Collection entries
- - - - - - -

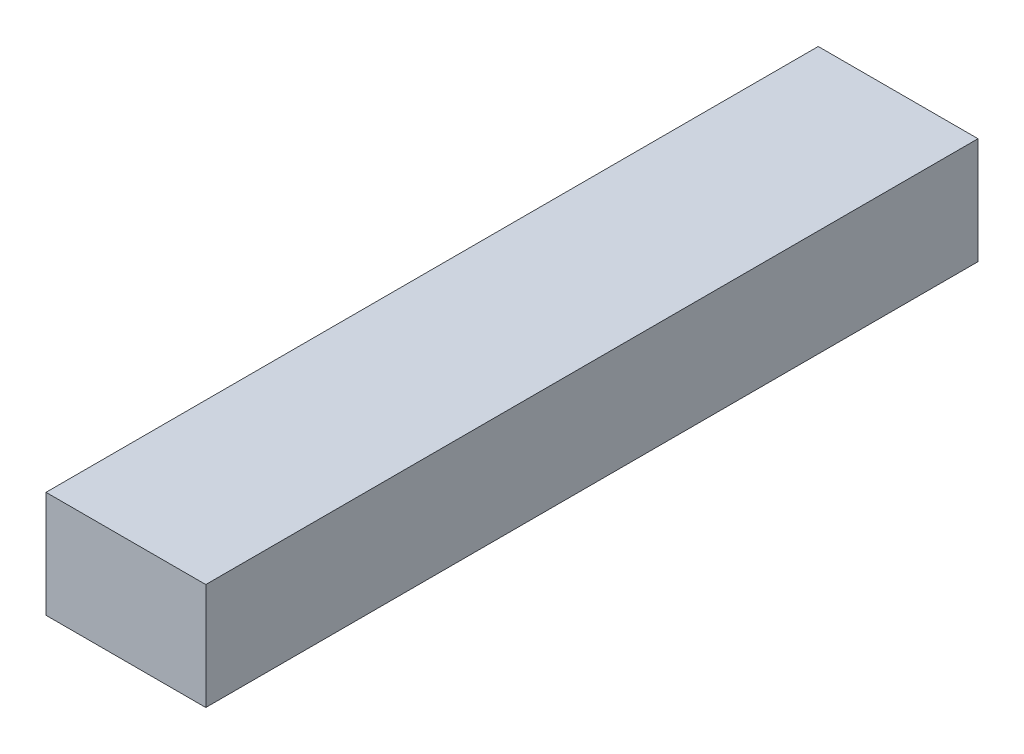
from build123d import *

# Parameters (mm, degrees)
SKETCH1_W           = 30
SKETCH1_H           = 145
BOSS_EXTRUDE1_DEPTH = 20


with BuildPart() as part:
    # Sketch1 → Boss-Extrude1 (new body)
    with BuildSketch(Plane(origin=(0, 0, 0), x_dir=(1, 0, 0), z_dir=(0, 1, 0))):
        with Locations((21.686746988, -34.284638554)):
            Rectangle(SKETCH1_W, SKETCH1_H)
    extrude(amount=BOSS_EXTRUDE1_DEPTH)


solid = part.part

- - - - - - -

_Instructions to follow_.
Your reply should restate the data above word for word and contain no pictures.

_Answer box_.
from build123d import *

# Parameters (mm, degrees)
SKETCH1_W           = 30
SKETCH1_H           = 145
BOSS_EXTRUDE1_DEPTH = 20


with BuildPart() as part:
    # Sketch1 → Boss-Extrude1 (new body)
    with BuildSketch(Plane(origin=(0, 0, 0), x_dir=(1, 0, 0), z_dir=(0, 1, 0))):
        with Locations((21.686746988, -34.284638554)):
            Rectangle(SKETCH1_W, SKETCH1_H)
    extrude(amount=BOSS_EXTRUDE1_DEPTH)


solid = part.part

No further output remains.